Shot 1 - not too badly exposed considering the lighting problems you have in the shot. It looks to be natural lighting (no flash - if it is there its only giving light fill I think) The sky you can see clearly is blowing out your shot in the upper sections - and this had lead to the other areas being a little darker - if you had exposed more for these darker areas I am sure the sky would have done even more damage to the shot. The best thing to do here (if you can't reach for flash for fill light) is to shift your shooting angle - keep an eye on the sun and sky and try to get the lighting behind you and onto your subject (try not ot shadow them it often spooks the insect). This would also mean that you don't have to worry about the sky invading your shots.

Second shot - far better lighting in this one - the sky is not invading the shot and and you have a good blurred background, without it being mono colour (though one can get monocolour in the field it always gives a rather fake look to a shot I feel). The sun on the ladybird has blown that area of the bug and it is a tricky aspect to work with - one can try using a bit of diffusion material held above so that it blocks the sunlight a little to diffuse the lighting. 

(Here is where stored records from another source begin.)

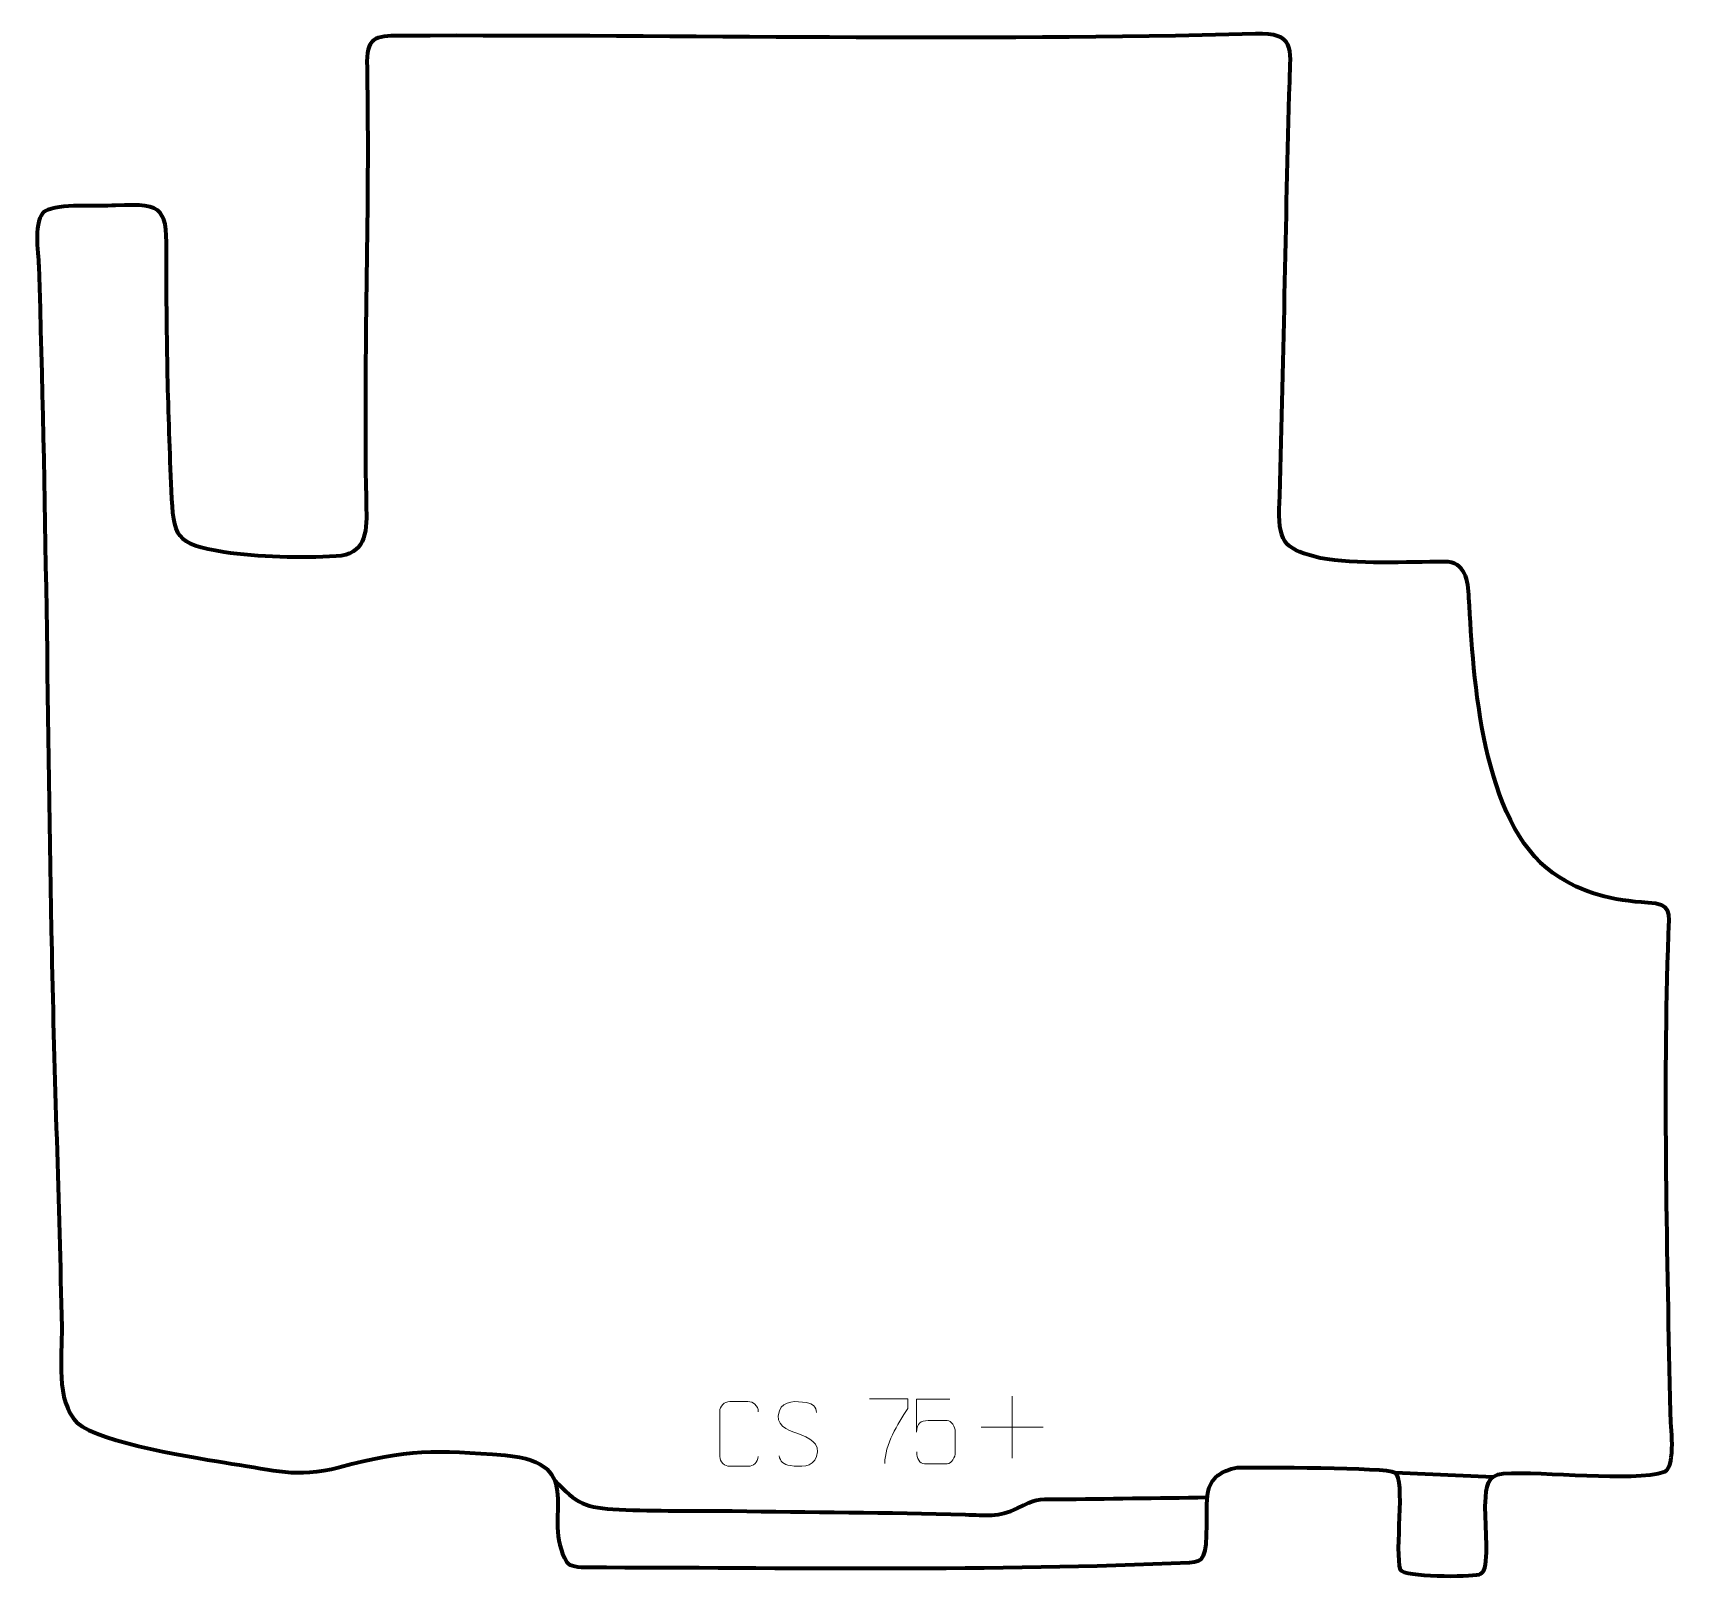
# Model space of a CAD drawing. Header units: millimetres. Extents: x -727 to -93, y 164 to 760.
import ezdxf

# ---------------------------------------------------------------- set-up
doc = ezdxf.new("R2010")
doc.units = ezdxf.units.MM
doc.header["$MEASUREMENT"] = 0
doc.layers.add('layer 2', color=7, linetype='Continuous')
doc.layers.add('layer 3', color=7, linetype='Continuous')

msp = doc.modelspace()

# ---------------------------------------------------------------- linework, layer by layer
at = {"layer": 'layer 2', "color": 140, "lineweight": 158}
msp.add_open_spline([(-201.6303, 204.2547), (-201.6303, 204.2547), (-163.5634, 202.5874), (-163.5634, 202.5874)], degree=3, dxfattribs=at)
msp.add_open_spline([(-525.9391, 201.392), (-517.3272, 191.9593), (-514.0177, 190.6371), (-500.9967, 189.91), (-500.9967, 189.91), (-486.8647, 189.1998), (-471.6127, 189.5624), (-457.2989, 189.35), (-457.2989, 189.35), (-427.4652, 188.9073), (-397.1748, 188.8225), (-367.4028, 187.9697), (-367.4028, 187.9697), (-359.6009, 187.7462), (-354.4167, 186.8515), (-347.2362, 190.4644), (-347.2362, 190.4644), (-339.965, 194.123), (-340.0644, 193.8327), (-331.8289, 193.9008), (-331.8289, 193.9008), (-312.54, 194.0604), (-293.2316, 194.3808), (-273.9418, 194.6386)], degree=3, knots=[0, 0, 0, 0, 0.14285714, 0.14285714, 0.14285714, 0.14285714, 0.28571429, 0.28571429, 0.28571429, 0.28571429, 0.42857143, 0.42857143, 0.42857143, 0.42857143, 0.57142857, 0.57142857, 0.57142857, 0.57142857, 0.71428571, 0.71428571, 0.71428571, 0.71428571, 1, 1, 1, 1], dxfattribs=at)
at = {"layer": 'layer 3', "color": 242, "lineweight": 158}
msp.add_open_spline([(-246.18, 575.8461), (-246.3813, 561.985), (-243.4331, 560.3254), (-230.2745, 556.9705), (-230.2745, 556.9705), (-216.6569, 554.3337), (-196.6524, 555.5041), (-182.5274, 555.5328), (-182.5274, 555.5328), (-174.2059, 555.5497), (-173.3773, 548.4416), (-172.9773, 541.4494), (-172.9773, 541.4494), (-171.3221, 510.476), (-167.9917, 454.8146), (-140.4257, 435.3625), (-140.4257, 435.3625), (-128.623, 427.3256), (-117.8066, 424.8569), (-103.7872, 423.9914), (-103.7872, 423.9914), (-94.6521, 423.4275), (-95.6575, 420.6215), (-95.9695, 411.7357), (-95.9695, 411.7357), (-98.0626, 352.119), (-96.4328, 287.025), (-95.2309, 227.3191), (-95.2309, 227.3191), (-95.1221, 221.9179), (-93.0285, 207.6401), (-97.2291, 204.5428), (-97.2291, 204.5428), (-110.3863, 200.3476), (-143.9696, 204.8806), (-159.7446, 203.8111), (-159.7446, 203.8111), (-165.9547, 203.39), (-166.3362, 198.4104), (-166.6495, 192.8106), (-166.6495, 192.8106), (-167.013, 186.3124), (-165.1712, 171.2273), (-167.1964, 166.4421), (-167.1964, 166.4421), (-167.7569, 165.4536), (-168.136, 165.3025), (-169.0861, 164.8927), (-169.0861, 164.8927), (-172.8967, 163.8511), (-198.0753, 163.8373), (-199.5064, 166.737), (-199.5064, 166.737), (-201.8943, 173.5523), (-197.3587, 201.4433), (-201.6303, 204.2547), (-201.6303, 204.2547), (-204.6921, 206.2698), (-254.4646, 206.1302), (-262.3722, 206.1636), (-262.3722, 206.1636), (-275.6645, 203.4517), (-274.009, 195.4714), (-274.1215, 184.0177), (-274.1215, 184.0177), (-274.243, 171.6585), (-275.162, 169.7597), (-280.8932, 169.5007), (-280.8932, 169.5007), (-355.7153, 166.1198), (-437.7213, 167.5523), (-512.9293, 167.6444), (-512.9293, 167.6444), (-516.5284, 167.6488), (-520.0704, 167.9139), (-521.1395, 169.6624), (-521.1395, 169.6624), (-531.6445, 186.8423), (-512.2046, 207.9198), (-544.9858, 210.8366), (-544.9858, 210.8366), (-571.7284, 212.9921), (-582.6075, 213.2623), (-608.8801, 206.272), (-608.8801, 206.272), (-626.0272, 201.9401), (-633.7021, 205.2075), (-650.4422, 207.5931), (-650.4422, 207.5931), (-662.9091, 209.4919), (-701.7282, 215.807), (-710.0511, 223.3168), (-710.0511, 223.3168), (-718.5774, 231.9925), (-715.8693, 248.8869), (-716.083, 260.2217), (-716.083, 260.2217), (-717.0225, 308.5293), (-718.9997, 356.8044), (-719.9228, 405.1125), (-719.9228, 405.1125), (-721.5804, 493.1062), (-722.1194, 581.6832), (-724.9304, 669.5934), (-724.9304, 669.5934), (-725.1079, 675.1437), (-727.1999, 687.3802), (-722.4968, 690.8267), (-722.4968, 690.8267), (-717.2522, 693.7388), (-702.2661, 692.6018), (-695.2743, 692.9747), (-695.2743, 692.9747), (-675.803, 694.013), (-675.5141, 691.2349), (-675.5993, 672.3688), (-675.5993, 672.3688), (-675.6902, 642.1736), (-675.0378, 613.0595), (-673.6918, 582.8996), (-673.6918, 582.8996), (-672.8955, 565.0588), (-672.3526, 562.2343), (-653.4701, 559.2678), (-653.4701, 559.2678), (-640.1688, 557.1781), (-623.6684, 556.9458), (-610.1389, 557.661), (-610.1389, 557.661), (-599.1122, 558.3422), (-598.2841, 566.2369), (-598.5097, 575.8129), (-598.5097, 575.8129), (-599.7119, 626.8345), (-597.6531, 677.9301), (-598.0285, 728.9819), (-598.0285, 728.9819), (-598.0792, 735.4941), (-598.1567, 742.0041), (-598.2586, 748.5157), (-598.2586, 748.5157), (-598.4198, 758.5517), (-593.6143, 758.4283), (-584.1973, 758.459), (-584.1973, 758.459), (-474.6157, 758.8166), (-364.9314, 756.2717), (-255.3622, 759.1643), (-255.3622, 759.1643), (-240.1465, 759.566), (-241.7591, 754.0658), (-242.1543, 740.8184), (-242.1543, 740.8184), (-243.7923, 685.9142), (-244.3872, 630.9494), (-246.18, 575.8461)], degree=3, knots=[0, 0, 0, 0, 0.025, 0.025, 0.025, 0.025, 0.05, 0.05, 0.05, 0.05, 0.075, 0.075, 0.075, 0.075, 0.1, 0.1, 0.1, 0.1, 0.125, 0.125, 0.125, 0.125, 0.15, 0.15, 0.15, 0.15, 0.175, 0.175, 0.175, 0.175, 0.2, 0.2, 0.2, 0.2, 0.225, 0.225, 0.225, 0.225, 0.25, 0.25, 0.25, 0.25, 0.275, 0.275, 0.275, 0.275, 0.3, 0.3, 0.3, 0.3, 0.325, 0.325, 0.325, 0.325, 0.35, 0.35, 0.35, 0.35, 0.375, 0.375, 0.375, 0.375, 0.4, 0.4, 0.4, 0.4, 0.425, 0.425, 0.425, 0.425, 0.45, 0.45, 0.45, 0.45, 0.475, 0.475, 0.475, 0.475, 0.5, 0.5, 0.5, 0.5, 0.525, 0.525, 0.525, 0.525, 0.55, 0.55, 0.55, 0.55, 0.575, 0.575, 0.575, 0.575, 0.6, 0.6, 0.6, 0.6, 0.625, 0.625, 0.625, 0.625, 0.65, 0.65, 0.65, 0.65, 0.675, 0.675, 0.675, 0.675, 0.7, 0.7, 0.7, 0.7, 0.725, 0.725, 0.725, 0.725, 0.75, 0.75, 0.75, 0.75, 0.775, 0.775, 0.775, 0.775, 0.8, 0.8, 0.8, 0.8, 0.825, 0.825, 0.825, 0.825, 0.85, 0.85, 0.85, 0.85, 0.875, 0.875, 0.875, 0.875, 0.9, 0.9, 0.9, 0.9, 0.925, 0.925, 0.925, 0.925, 0.95, 0.95, 0.95, 0.95, 1, 1, 1, 1], dxfattribs=at)
at = {"layer": 'layer 3', "color": 250, "lineweight": 9}
for points, knots in [([(-447.2557, 210.3968), (-447.3955, 208.0734), (-449.0727, 206.5938), (-451.2204, 206.583), (-451.2204, 206.583), (-453.5523, 206.5834), (-455.8842, 206.5834), (-458.2157, 206.583), (-458.2157, 206.583), (-460.1407, 206.4776), (-462.1128, 208.3621), (-462.1016, 210.3794), (-462.1016, 210.3794), (-462.1012, 216.1495), (-462.1012, 221.9192), (-462.1016, 227.6885), (-462.1016, 227.6885), (-462.0974, 229.8266), (-460.3507, 231.5458), (-458.1983, 231.5323), (-458.1983, 231.5323), (-455.8726, 231.5323), (-453.5465, 231.5323), (-451.2204, 231.5323), (-451.2204, 231.5323), (-449.2738, 231.5678), (-447.2824, 230.0763), (-447.2557, 227.6387)], [0, 0, 0, 0, 0.125, 0.125, 0.125, 0.125, 0.25, 0.25, 0.25, 0.25, 0.375, 0.375, 0.375, 0.375, 0.5, 0.5, 0.5, 0.5, 0.625, 0.625, 0.625, 0.625, 0.75, 0.75, 0.75, 0.75, 1, 1, 1, 1]), ([(-431.9458, 219.2288), (-436.1941, 220.6992), (-441.1022, 222.495), (-439.0971, 228.0153), (-439.0971, 228.0153), (-437.5936, 232.1552), (-432.38, 231.7667), (-428.7764, 231.1656), (-428.7764, 231.1656), (-425.9158, 230.6884), (-425.0511, 229.4752), (-424.7405, 227.3911)], [0, 0, 0, 0, 0.25, 0.25, 0.25, 0.25, 0.5, 0.5, 0.5, 0.5, 1, 1, 1, 1]), ([(-404.3128, 232.5922), (-404.3128, 232.5922), (-389.4967, 232.5922), (-389.4967, 232.5922), (-389.4967, 232.5922), (-389.497, 231.3426), (-389.497, 230.093), (-389.4967, 228.8432), (-389.4967, 228.8432), (-393.4911, 222.8461), (-398.4063, 215.0125), (-398.4063, 207.6337)], [0, 0, 0, 0, 0.25, 0.25, 0.25, 0.25, 0.5, 0.5, 0.5, 0.5, 1, 1, 1, 1]), ([(-373.2846, 232.5106), (-373.2846, 232.5106), (-386.1363, 232.5106), (-386.1363, 232.5106), (-386.1363, 232.5106), (-386.136, 228.28), (-386.136, 224.0491), (-386.1363, 219.8179), (-386.1363, 219.8179), (-386.1366, 223.128), (-384.5056, 224.1998), (-381.6936, 224.2603), (-381.6936, 224.2603), (-379.254, 224.2606), (-376.8145, 224.2606), (-374.3753, 224.2603), (-374.3753, 224.2603), (-372.7255, 224.2671), (-371.2506, 221.8866), (-371.2221, 219.8179), (-371.2221, 219.8179), (-371.2224, 217.2306), (-371.2224, 214.643), (-371.2221, 212.0553), (-371.2221, 212.0553), (-371.1759, 210.0959), (-372.6753, 207.6596), (-374.3012, 207.6011), (-374.3012, 207.6011), (-376.2577, 207.6014), (-381.1527, 207.6014), (-383.1097, 207.6011), (-383.1097, 207.6011), (-384.9552, 207.5923), (-386.0623, 209.5571), (-386.0831, 212.1082)], [0, 0, 0, 0, 0.1, 0.1, 0.1, 0.1, 0.2, 0.2, 0.2, 0.2, 0.3, 0.3, 0.3, 0.3, 0.4, 0.4, 0.4, 0.4, 0.5, 0.5, 0.5, 0.5, 0.6, 0.6, 0.6, 0.6, 0.7, 0.7, 0.7, 0.7, 0.8, 0.8, 0.8, 0.8, 1, 1, 1, 1]), ([(-431.9458, 219.2287), (-427.9272, 217.582), (-422.8977, 215.6937), (-424.7317, 210.3334), (-424.7317, 210.3334), (-426.1915, 206.067), (-431.1023, 206.3237), (-434.8284, 206.8784), (-434.8284, 206.8784), (-437.5784, 207.2882), (-438.7993, 208.5017), (-439.1773, 210.6139)], [0, 0, 0, 0, 0.25, 0.25, 0.25, 0.25, 0.5, 0.5, 0.5, 0.5, 1, 1, 1, 1])]:
    msp.add_open_spline(points, degree=3, knots=knots, dxfattribs=at)
for points in [[(-349.2796, 233.6895), (-349.2796, 233.6895), (-349.2796, 209.7116), (-349.2796, 209.7116)], [(-361.2685, 221.7005), (-361.2685, 221.7005), (-337.2906, 221.7005), (-337.2906, 221.7005)]]:
    msp.add_open_spline(points, degree=3, dxfattribs=at)

doc.saveas('drawing.dxf')

You have good smooth background blur in both shots - a desirable feature for many macro shooters,

I do feel that composition of both shots could be a little better -though I appreciate that its a new area for you - work on your technial aspects and then give some good thinking towards composing your shots.


----------



## SlySniper (Aug 31, 2009)

The first picture is just too soft and the lack of contrast only adds to this softness.  The upper left corner is overexposed and really takes away from the picture.  

The second picture, while better than the first, is also lacking.  It seems just a smidge out of focus.  I do like the sun reflection on the ladybug.  I think that if you eliminated the additional little leaves around the ladybug, the composition of the picture would have turned out better.  The real problem I have with this picture is that I've seen it a hundred times.  A lady bug sitting on a leaf with a blurred green background.  



Overread said:


> You have good smooth background blur in both shots - a desirable feature for many macro shooters,



I wholeheartedly agree.  Adding to what Overread has said, it's not horrible for your first macros but you really need to work on composition and the technical side to elevate your skills.  Overall: 3/10.


----------